• _How to complete this task_:
Every line containing "CIRCLE" should be copied out. Go through the entries and find them.

• _Material for this task_:
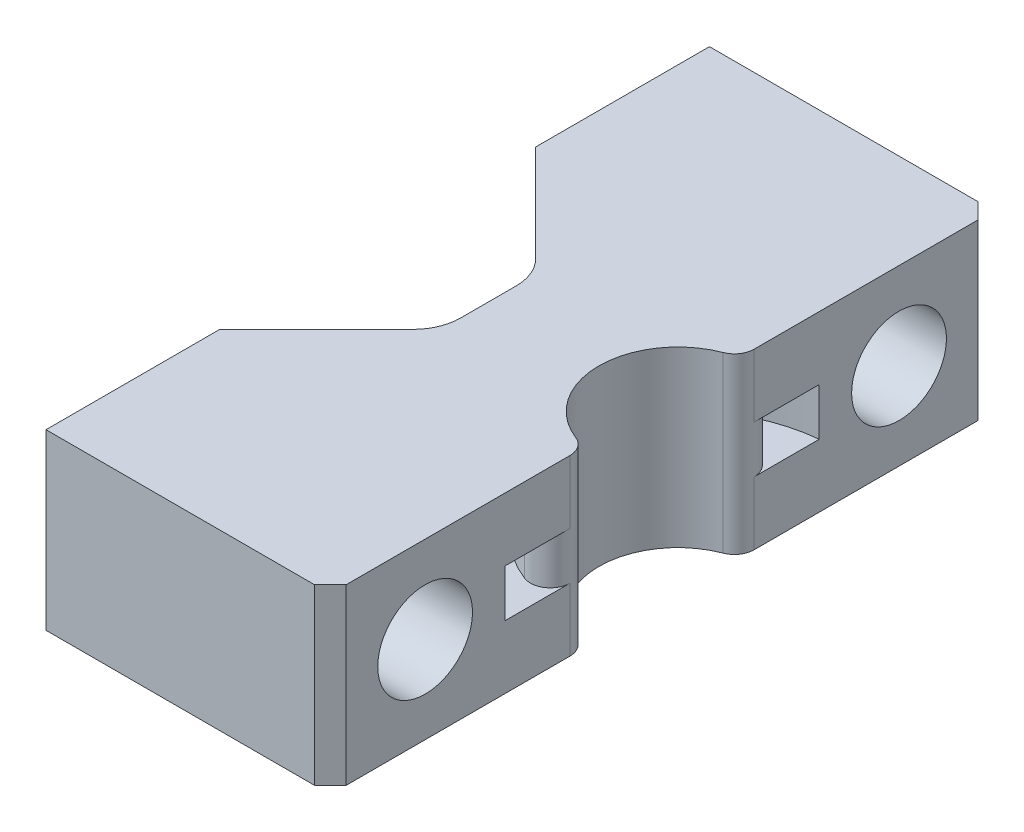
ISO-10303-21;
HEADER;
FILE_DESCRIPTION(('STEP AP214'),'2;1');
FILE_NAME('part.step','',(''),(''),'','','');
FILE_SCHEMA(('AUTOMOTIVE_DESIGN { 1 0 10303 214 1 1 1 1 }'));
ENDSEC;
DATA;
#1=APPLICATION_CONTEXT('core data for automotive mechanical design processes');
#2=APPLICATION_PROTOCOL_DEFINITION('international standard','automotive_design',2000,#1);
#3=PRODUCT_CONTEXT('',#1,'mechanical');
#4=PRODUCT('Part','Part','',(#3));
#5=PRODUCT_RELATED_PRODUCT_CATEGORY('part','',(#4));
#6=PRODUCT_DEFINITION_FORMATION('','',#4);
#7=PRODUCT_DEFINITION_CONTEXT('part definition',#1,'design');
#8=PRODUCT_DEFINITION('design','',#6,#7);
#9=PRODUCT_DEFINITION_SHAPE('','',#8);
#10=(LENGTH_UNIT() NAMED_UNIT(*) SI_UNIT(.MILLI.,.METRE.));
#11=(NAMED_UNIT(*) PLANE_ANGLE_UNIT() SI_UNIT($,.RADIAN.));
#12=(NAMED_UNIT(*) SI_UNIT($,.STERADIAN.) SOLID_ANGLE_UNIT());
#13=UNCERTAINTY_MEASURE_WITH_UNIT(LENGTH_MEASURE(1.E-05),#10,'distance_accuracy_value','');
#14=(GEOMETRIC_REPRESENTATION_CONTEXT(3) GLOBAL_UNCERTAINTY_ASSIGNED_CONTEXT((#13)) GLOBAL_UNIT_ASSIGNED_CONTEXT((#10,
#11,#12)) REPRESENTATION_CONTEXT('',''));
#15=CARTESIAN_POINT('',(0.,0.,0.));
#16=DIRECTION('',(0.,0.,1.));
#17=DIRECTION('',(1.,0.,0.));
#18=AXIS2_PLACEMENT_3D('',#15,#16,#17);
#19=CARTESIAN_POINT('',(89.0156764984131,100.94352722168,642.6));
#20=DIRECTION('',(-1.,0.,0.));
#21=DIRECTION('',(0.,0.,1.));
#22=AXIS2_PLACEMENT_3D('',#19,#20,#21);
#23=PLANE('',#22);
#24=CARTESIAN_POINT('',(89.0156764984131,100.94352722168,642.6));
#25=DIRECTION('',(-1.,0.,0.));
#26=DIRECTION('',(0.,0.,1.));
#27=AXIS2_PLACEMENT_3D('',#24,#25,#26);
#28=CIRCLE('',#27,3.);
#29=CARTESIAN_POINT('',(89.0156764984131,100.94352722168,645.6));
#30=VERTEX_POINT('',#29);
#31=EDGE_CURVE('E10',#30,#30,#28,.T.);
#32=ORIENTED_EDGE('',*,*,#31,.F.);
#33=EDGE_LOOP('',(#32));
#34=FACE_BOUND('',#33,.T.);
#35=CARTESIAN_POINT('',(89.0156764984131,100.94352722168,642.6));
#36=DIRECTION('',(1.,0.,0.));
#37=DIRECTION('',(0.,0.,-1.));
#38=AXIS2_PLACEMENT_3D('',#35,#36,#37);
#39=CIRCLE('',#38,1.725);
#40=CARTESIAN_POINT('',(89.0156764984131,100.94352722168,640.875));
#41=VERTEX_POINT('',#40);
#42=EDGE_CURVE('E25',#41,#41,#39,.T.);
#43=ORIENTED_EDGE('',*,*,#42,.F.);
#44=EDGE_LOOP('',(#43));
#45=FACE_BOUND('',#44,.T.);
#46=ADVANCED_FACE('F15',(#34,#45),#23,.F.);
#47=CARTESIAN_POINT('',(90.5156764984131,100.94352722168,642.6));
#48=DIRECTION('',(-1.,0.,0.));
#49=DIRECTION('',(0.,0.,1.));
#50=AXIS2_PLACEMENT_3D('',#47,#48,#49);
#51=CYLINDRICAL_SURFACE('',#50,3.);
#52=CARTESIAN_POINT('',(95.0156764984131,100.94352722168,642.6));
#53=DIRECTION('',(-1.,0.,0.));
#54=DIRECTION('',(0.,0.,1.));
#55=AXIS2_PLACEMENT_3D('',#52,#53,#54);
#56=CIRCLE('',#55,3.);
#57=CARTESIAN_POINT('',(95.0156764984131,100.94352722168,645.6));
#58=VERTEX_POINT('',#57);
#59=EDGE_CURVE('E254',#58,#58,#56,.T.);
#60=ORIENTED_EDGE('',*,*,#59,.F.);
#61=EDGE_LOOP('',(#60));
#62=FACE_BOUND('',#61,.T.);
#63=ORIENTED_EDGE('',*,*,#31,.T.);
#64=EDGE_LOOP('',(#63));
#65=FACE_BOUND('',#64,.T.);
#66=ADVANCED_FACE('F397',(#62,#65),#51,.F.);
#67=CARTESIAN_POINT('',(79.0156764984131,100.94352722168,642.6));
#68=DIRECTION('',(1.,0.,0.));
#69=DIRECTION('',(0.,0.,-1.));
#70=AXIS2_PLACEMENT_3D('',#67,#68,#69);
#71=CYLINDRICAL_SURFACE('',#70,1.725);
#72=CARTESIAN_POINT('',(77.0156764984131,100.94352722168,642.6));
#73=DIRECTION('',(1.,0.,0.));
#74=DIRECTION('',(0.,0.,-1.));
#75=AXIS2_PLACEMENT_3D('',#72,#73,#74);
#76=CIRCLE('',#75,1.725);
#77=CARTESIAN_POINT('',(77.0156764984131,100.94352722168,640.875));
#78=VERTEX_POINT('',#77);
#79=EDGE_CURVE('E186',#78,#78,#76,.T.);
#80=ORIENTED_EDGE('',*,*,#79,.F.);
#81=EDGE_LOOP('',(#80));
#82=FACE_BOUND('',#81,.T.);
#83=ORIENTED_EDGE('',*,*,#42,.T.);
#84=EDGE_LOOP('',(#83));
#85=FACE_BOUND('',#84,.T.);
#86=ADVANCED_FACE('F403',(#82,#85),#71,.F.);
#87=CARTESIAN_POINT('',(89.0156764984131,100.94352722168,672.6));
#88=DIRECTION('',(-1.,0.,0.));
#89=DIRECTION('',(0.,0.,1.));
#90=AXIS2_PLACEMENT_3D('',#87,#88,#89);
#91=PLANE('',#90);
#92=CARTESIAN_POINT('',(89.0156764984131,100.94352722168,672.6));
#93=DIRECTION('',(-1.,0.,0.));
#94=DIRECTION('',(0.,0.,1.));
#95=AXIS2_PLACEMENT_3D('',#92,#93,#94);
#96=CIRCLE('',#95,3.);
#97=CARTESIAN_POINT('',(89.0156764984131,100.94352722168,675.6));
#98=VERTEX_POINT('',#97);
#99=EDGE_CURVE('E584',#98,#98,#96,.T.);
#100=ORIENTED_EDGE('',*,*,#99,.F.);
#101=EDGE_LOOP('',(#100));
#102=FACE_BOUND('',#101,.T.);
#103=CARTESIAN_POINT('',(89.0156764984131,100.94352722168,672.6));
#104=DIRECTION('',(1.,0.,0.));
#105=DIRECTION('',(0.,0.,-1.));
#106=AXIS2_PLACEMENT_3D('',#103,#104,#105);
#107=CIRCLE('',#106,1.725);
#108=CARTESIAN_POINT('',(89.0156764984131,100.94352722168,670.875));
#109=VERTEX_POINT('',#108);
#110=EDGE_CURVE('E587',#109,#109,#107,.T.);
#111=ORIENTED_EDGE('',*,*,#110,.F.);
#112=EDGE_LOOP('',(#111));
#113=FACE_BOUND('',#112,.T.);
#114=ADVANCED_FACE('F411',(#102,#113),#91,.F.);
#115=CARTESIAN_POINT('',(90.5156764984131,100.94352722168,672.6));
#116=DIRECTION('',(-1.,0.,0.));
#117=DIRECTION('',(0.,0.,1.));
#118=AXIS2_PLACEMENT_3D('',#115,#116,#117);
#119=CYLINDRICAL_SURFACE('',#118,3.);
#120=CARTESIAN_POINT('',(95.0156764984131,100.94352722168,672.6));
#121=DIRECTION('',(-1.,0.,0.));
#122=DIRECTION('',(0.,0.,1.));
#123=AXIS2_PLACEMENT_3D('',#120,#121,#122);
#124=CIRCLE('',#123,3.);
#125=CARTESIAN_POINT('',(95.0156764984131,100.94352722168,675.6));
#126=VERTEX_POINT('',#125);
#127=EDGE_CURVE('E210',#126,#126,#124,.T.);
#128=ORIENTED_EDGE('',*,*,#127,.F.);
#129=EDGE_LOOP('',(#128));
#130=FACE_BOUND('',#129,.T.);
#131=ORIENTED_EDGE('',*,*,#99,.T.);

• _Response to the exercise_:
#28=CIRCLE('',#27,3.);
#39=CIRCLE('',#38,1.725);
#56=CIRCLE('',#55,3.);
#76=CIRCLE('',#75,1.725);
#96=CIRCLE('',#95,3.);
#107=CIRCLE('',#106,1.725);
#124=CIRCLE('',#123,3.);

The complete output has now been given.